No.  She was embracing the phrase, and wanting her husband to come to
grips with reality, that his son wasn't just slow, but in the sternest
of voices, developmentally delayed. Even though I agreed with Ray that
slow might be worse, really, in practice, they're pretty much the same
thing.  Different people may use different words, but the people
described by one of these are the same people described by the other,
when different people are doing the describing.   In fact her husband
may well have felt that slow and D-D were the same thing. It depends
on how slow he thought he was. (The kid had graduated high school iirc
and had a job at a fast food place, mostly cleaning up.)

That's why the scene was so strange.   She thought "slow" didn't
capture the seriousness of the son's problem, when the literal meaning
of developmentally delayed is so weak, it doesn't capture it either.
It's only that she's stripped "d-d" of its niceness that she thinks
its worse.

I don't know enough biology to know how often people who are slow, or
retarded, or delayed continue to progress and catch up at least
partially to those who develop at nomral speeds. I'm an optimist, sort
of, so I can't help thinking that some do**.  So I can'd call D-D a
euphemism, if even some catch up, even partially. It's not a euphemism
if it literally describes a situation; it's just the most hopeful
choice of words (as is slow and retarded. Non-hopeful and harsh words
are words like dummy, moron, idiot, and even retard, which afaik when
used as a noun is never used hopefully or optimistically.)  

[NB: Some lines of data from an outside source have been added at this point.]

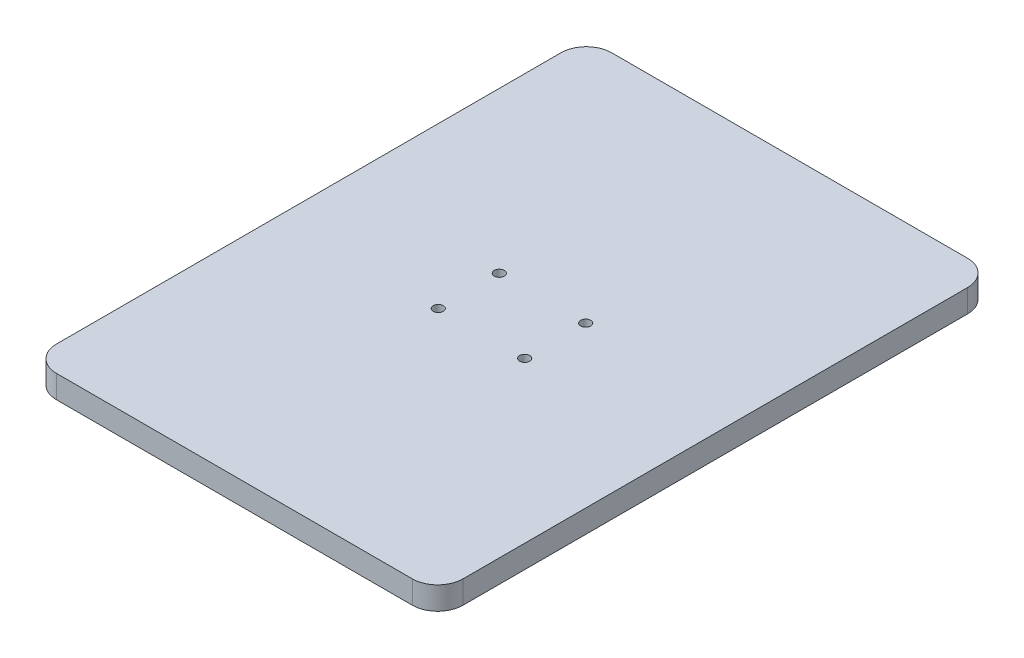
SolidWorks part; units mm, degrees
ref_plane "Front Plane" through (0, 0, 0) normal (0, 0, 1) x (1, 0, 0)
ref_plane "Top Plane" through (0, 0, 0) normal (0, 1, 0) x (1, 0, 0)
ref_plane "Right Plane" through (0, 0, 0) normal (1, 0, 0) x (0, 0, -1)
sketch "Sketch1" plane through (0, 27.05, 0) normal (0, 1, 0) x (1, 0, 0)
  line L0 (0, 69.3699) -> (-12.5, 69.3699) construction
  line L1 (-44.45, -69.3699) -> (44.45, -69.3699)
  line L2 (-50.8, -63.0199) -> (-50.8, 63.0199)
  line L3 (-44.45, 69.3699) -> (44.45, 69.3699)
  line L4 (50.8, -63.0199) -> (50.8, 63.0199)
  line L5 (-50.8, -69.3699) -> (50.8, 69.3699) construction
  line L6 (-50.8, 69.3699) -> (50.8, -69.3699) construction
  arc A0 (44.45, -69.3699) -> (50.8, -63.0199) centre (44.45, -63.0199) ccw
  arc A1 (-44.45, -69.3699) -> (-50.8, -63.0199) centre (-44.45, -63.0199) cw
  arc A2 (-50.8, 63.0199) -> (-44.45, 69.3699) centre (-44.45, 63.0199) cw
  arc A3 (44.45, 69.3699) -> (50.8, 63.0199) centre (44.45, 63.0199) cw
  circle A4 centre (10.795, 7.62) radius 1.25 construction
  circle A5 centre (10.795, -7.62) radius 1.25 construction
  circle A6 centre (-10.795, -7.62) radius 1.25 construction
  circle A7 centre (-10.795, 7.62) radius 1.25 construction
  circle A8 centre (10.795, 7.62) radius 1.25
  circle A9 centre (10.795, -7.62) radius 1.25
  circle A10 centre (-10.795, -7.62) radius 1.25
  circle A11 centre (-10.795, 7.62) radius 1.25
  point P0 (0, 0)
  dimension "D2" = 6.35
  dimension "D1" = 101.6
extrude "Boss-Extrude1" add sketch "Sketch1" along normal blind 5.715

**I don't know any retarded people who grew out of that, but I have
the impression that some poor people who grew up without much
education or a broad vocabulary, continue to increase their vocabulary
even into their 60's*** so that their lack of education decades
earlier can't be discerned.   And that mistakes in grammar and syntax
made well into their 20's or later can disappear as they hang around
with people who don't make those mistakes.   This should really be a
separate thread, but I'm here now.

***Or older than 60's but I don't know anyone older.

She used D-D as if it were worse than being slow.  Or maybe, as if d-d
really described the situation, when in this case it was really
inadequate, given that he was 25 or 30, probably was never going to
catch up at all from whatever delay he had had, and had recently
killed someone who got him angry because she said something he didn't
like.  (I think she called him some synonym for slow.)  I didnt' want
to get into the crime part, because in writing that part they probably
have different goals from writing the part dealing with his slowness.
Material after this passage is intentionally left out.